DESCRIPTION OF THE TASK –
Each line from the one with "to_gam_psi_angles/2(psi [deg]) ->" through the last line of the material is to be printed exactly; no other line and no picture belongs in the copy.

EXERCISE DATA –
════
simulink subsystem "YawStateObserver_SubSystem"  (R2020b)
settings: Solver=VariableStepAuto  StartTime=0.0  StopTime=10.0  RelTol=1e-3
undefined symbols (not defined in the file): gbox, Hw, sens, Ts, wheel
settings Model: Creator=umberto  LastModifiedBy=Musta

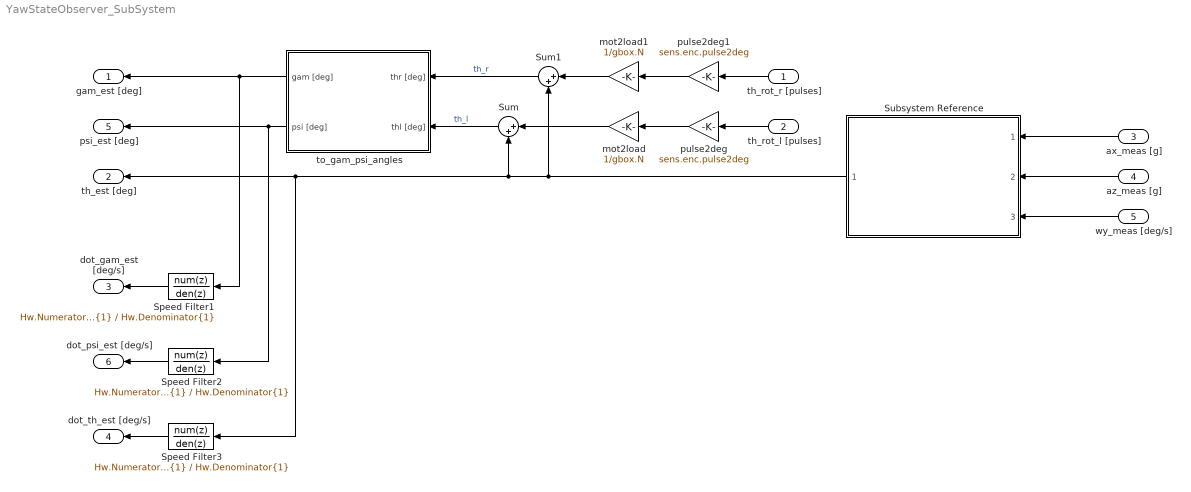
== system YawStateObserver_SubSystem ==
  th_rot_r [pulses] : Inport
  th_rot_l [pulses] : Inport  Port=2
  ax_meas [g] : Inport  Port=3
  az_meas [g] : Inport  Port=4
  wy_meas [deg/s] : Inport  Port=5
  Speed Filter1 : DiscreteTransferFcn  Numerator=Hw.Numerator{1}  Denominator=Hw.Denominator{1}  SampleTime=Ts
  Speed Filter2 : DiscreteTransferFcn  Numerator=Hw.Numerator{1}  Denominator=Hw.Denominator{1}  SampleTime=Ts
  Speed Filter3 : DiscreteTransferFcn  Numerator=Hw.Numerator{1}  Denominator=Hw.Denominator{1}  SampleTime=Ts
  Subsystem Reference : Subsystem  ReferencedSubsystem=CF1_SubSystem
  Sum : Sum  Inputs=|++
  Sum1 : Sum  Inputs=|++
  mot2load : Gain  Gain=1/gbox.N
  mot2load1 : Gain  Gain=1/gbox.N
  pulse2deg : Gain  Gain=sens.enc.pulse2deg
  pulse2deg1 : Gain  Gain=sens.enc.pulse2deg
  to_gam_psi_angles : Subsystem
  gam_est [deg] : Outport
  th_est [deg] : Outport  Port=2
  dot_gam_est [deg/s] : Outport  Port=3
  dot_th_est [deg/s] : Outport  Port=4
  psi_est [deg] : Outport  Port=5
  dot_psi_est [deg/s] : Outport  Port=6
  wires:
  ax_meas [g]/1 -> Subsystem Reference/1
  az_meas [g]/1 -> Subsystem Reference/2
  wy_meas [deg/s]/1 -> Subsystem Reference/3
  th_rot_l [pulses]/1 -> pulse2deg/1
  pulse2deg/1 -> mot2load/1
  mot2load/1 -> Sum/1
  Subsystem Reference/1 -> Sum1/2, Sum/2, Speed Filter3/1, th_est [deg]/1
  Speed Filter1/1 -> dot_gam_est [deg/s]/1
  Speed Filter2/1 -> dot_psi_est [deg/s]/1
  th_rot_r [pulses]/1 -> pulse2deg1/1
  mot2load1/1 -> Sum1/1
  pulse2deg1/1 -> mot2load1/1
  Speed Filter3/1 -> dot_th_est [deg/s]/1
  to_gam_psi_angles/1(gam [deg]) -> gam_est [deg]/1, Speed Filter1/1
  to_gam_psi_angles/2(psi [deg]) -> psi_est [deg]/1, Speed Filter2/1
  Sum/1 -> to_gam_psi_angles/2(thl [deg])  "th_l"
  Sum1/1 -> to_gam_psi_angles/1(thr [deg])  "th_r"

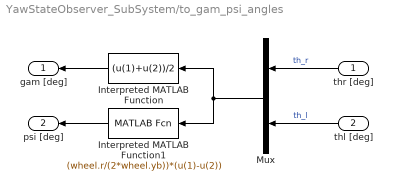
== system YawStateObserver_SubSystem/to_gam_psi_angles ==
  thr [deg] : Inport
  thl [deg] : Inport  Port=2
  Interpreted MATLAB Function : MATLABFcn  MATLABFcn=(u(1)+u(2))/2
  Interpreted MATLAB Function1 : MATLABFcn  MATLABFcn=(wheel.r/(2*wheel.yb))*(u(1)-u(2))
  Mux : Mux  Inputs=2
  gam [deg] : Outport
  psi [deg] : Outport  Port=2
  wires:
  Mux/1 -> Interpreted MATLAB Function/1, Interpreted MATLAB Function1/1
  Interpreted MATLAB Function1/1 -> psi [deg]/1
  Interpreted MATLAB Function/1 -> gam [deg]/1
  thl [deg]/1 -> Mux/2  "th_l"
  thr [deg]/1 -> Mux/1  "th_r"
════
RESULT FOR THIS TASK –
  to_gam_psi_angles/2(psi [deg]) -> psi_est [deg]/1, Speed Filter2/1
  Sum/1 -> to_gam_psi_angles/2(thl [deg])  "th_l"
  Sum1/1 -> to_gam_psi_angles/1(thr [deg])  "th_r"

== system YawStateObserver_SubSystem/to_gam_psi_angles ==
  thr [deg] : Inport
  thl [deg] : Inport  Port=2
  Interpreted MATLAB Function : MATLABFcn  MATLABFcn=(u(1)+u(2))/2
  Interpreted MATLAB Function1 : MATLABFcn  MATLABFcn=(wheel.r/(2*wheel.yb))*(u(1)-u(2))
  Mux : Mux  Inputs=2
  gam [deg] : Outport
  psi [deg] : Outport  Port=2
  wires:
  Mux/1 -> Interpreted MATLAB Function/1, Interpreted MATLAB Function1/1
  Interpreted MATLAB Function1/1 -> psi [deg]/1
  Interpreted MATLAB Function/1 -> gam [deg]/1
  thl [deg]/1 -> Mux/2  "th_l"
  thr [deg]/1 -> Mux/1  "th_r"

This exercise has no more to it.